Open, decoupled architectures that allow hardware resources and data to be shared across clouds and to move as needed are required to realize multi-cloud benefits.

5. Unstructured Data

Technologies such as 5G, cloud computing, big data, AI, and high-performance data analysis are driving rapid growth of enterprise unstructured data: video, audio, images, and documents are growing from petabytes to exabytes. Examples include a genomic sequencer producing 8.5 PB per year, a large operator processing 15 PB per day, a remote sensing satellite collecting 18 PB per year, and an autonomous vehicle generating 180 PB per year for training.

Enterprises must first ensure capacity: storing more data at the lowest cost, smallest footprint, and lowest power. Second, data must be able to move: efficient, policy-driven data flow both between and within data centers. Finally, data must be usable: mixed workloads of video, audio, images, and text must meet application requirements.

6. Storage-native Security

Data is the foundation of AI, and its protection is critical. According to the Splunk 2023 State of Security report, over 52% of organizations experienced data-exposing malicious attacks and 66% faced ransomware, underscoring rising data security importance.

Data interacts with storage throughout its lifecycle: creation, collection, transmission, use, and destruction. As the final repository and "vault" for data, storage provides near-data protection and media-level control that are essential for data protection, backup and recovery, and secure data destruction.

Storage-native security strengthens protection through architectural and design principles and includes two aspects: device-level security capabilities and data protection mechanisms provided by storage systems.

7. All-flash Deployments

By 2022, SSD market share and shipments exceeded those of HDDs by over 2x, accounting for more than 65% of the market. The industry is moving toward widespread flash adoption.

Enterprise SSD costs are largely determined by NAND dies. 3D NAND layer increases and QLC adoption have driven down all-flash BOM costs.
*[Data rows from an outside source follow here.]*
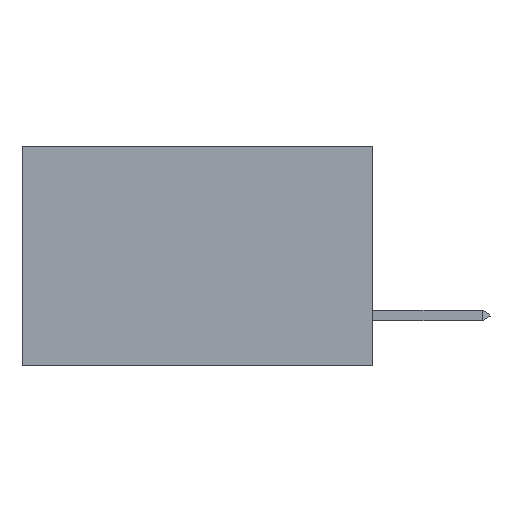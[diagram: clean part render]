
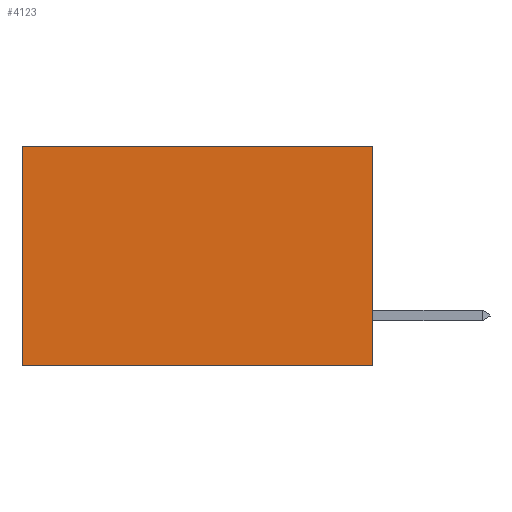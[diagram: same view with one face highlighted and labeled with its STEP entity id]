
A CAD part, left-side view. The second image highlights one B-rep face of the part: STEP entity #4123.
In plain terms, the highlighted planar face has unit normal (-1, 0, 0).
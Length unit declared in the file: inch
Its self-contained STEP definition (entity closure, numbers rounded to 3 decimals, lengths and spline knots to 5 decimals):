
#47 = CARTESIAN_POINT ( 'NONE',  ( 0.277, 0.59, 0. ) ) ;
#474 = DIRECTION ( 'NONE',  ( 0., 0., -1. ) ) ;
#765 = FACE_OUTER_BOUND ( 'NONE', #11506, .T. ) ;
#861 = ORIENTED_EDGE ( 'NONE', *, *, #11681, .F. ) ;
#1440 = DIRECTION ( 'NONE',  ( 0., 0., -1. ) ) ;
#1455 = DIRECTION ( 'NONE',  ( 1., 0., 0. ) ) ;
#1527 = CARTESIAN_POINT ( 'NONE',  ( 0.277, 0., -0.37 ) ) ;
#1551 = PLANE ( 'NONE',  #15376 ) ;
#2203 = EDGE_CURVE ( 'NONE', #17117, #4161, #14493, .T. ) ;
#2259 = CARTESIAN_POINT ( 'NONE',  ( 0.277, 0., -0.37 ) ) ;
#2642 = DIRECTION ( 'NONE',  ( 0., 1., 0. ) ) ;
#2980 = VECTOR ( 'NONE', #474, 39.37008 ) ;
#3381 = VECTOR ( 'NONE', #16267, 39.37008 ) ;
#4116 = LINE ( 'NONE', #9672, #8304 ) ;
#4123 = ADVANCED_FACE ( 'NONE', ( #765 ), #1551, .F. ) ;
#4161 = VERTEX_POINT ( 'NONE', #47 ) ;
#5603 = ORIENTED_EDGE ( 'NONE', *, *, #6486, .F. ) ;
#6486 = EDGE_CURVE ( 'NONE', #17117, #8283, #7182, .T. ) ;
#6696 = VECTOR ( 'NONE', #18142, 39.37008 ) ;
#7182 = LINE ( 'NONE', #17404, #2980 ) ;
#7770 = ORIENTED_EDGE ( 'NONE', *, *, #2203, .T. ) ;
#7911 = EDGE_CURVE ( 'NONE', #4161, #13352, #10420, .T. ) ;
#8283 = VERTEX_POINT ( 'NONE', #2259 ) ;
#8304 = VECTOR ( 'NONE', #2642, 39.37008 ) ;
#9672 = CARTESIAN_POINT ( 'NONE',  ( 0.277, 0., -0.37 ) ) ;
#10405 = CARTESIAN_POINT ( 'NONE',  ( 0.277, 0.59, -0.37 ) ) ;
#10420 = LINE ( 'NONE', #16767, #6696 ) ;
#11506 = EDGE_LOOP ( 'NONE', ( #17448, #861, #5603, #7770 ) ) ;
#11681 = EDGE_CURVE ( 'NONE', #8283, #13352, #4116, .T. ) ;
#13352 = VERTEX_POINT ( 'NONE', #10405 ) ;
#14278 = CARTESIAN_POINT ( 'NONE',  ( 0.277, 0., 0. ) ) ;
#14493 = LINE ( 'NONE', #17828, #3381 ) ;
#15376 = AXIS2_PLACEMENT_3D ( 'NONE', #1527, #1455, #1440 ) ;
#16267 = DIRECTION ( 'NONE',  ( 0., 1., 0. ) ) ;
#16767 = CARTESIAN_POINT ( 'NONE',  ( 0.277, 0.59, -0.37 ) ) ;
#17117 = VERTEX_POINT ( 'NONE', #14278 ) ;
#17404 = CARTESIAN_POINT ( 'NONE',  ( 0.277, 0., -0.37 ) ) ;
#17448 = ORIENTED_EDGE ( 'NONE', *, *, #7911, .T. ) ;
#17828 = CARTESIAN_POINT ( 'NONE',  ( 0.277, 0., 0. ) ) ;
#18142 = DIRECTION ( 'NONE',  ( 0., 0., -1. ) ) ;

Mainstream 3D NAND now reaches 176 layers in production, with roadmaps above 200 layers, nearly doubling layer counts since 2018. In terms of die types, TLC has become the mainstream for enterprise SSDs, and QLC SSDs are increasingly used.

8. Data-centric Architecture

AI and real-time analytics demands have diversified compute beyond CPUs to include CPU+GPU+NPU+DPU. As CPU performance scaling slows and server architectures evolve toward composable designs, storage architectures will also shift to data-centric composable models to boost system performance.

Future storage systems will integrate diverse processors (CPU, DPU), memory pools, flash pools, and capacity disk pools connected by new data buses. This will enable data to be placed directly into memory or flash on arrival, avoiding CPU bottlenecks in data access.

9. AI-enabled Storage

AI techniques can predict trends in performance, capacity, and component failures to reduce incident rates. In complex fault scenarios, storage management systems augmented by large models can accelerate interactive diagnostics and assist operators in rapid problem localization, substantially shortening mean time to repair.

10. Storage Energy Efficiency

Under carbon neutrality goals, green low-carbon operation is a key direction for data centers. Storage accounts for more than 30% of data center IT energy consumption, so reducing storage energy use is essential for achieving net-zero emissions.

Consolidating protocols and eliminating isolated silos improves utilization. A single storage system supporting file, object, and HDFS protocols can meet diverse workloads and consolidate different storage types. Resource pooling increases utilization efficiency.

About 83% of storage energy is consumed by media. For equivalent capacity, SSDs consume 70% less energy and use 50% less space than HDDs. Deploying high-capacity SSDs and high-density disk enclosures increases capacity per watt and reduces processing and storage energy per unit of data, enabling more capacity in less space.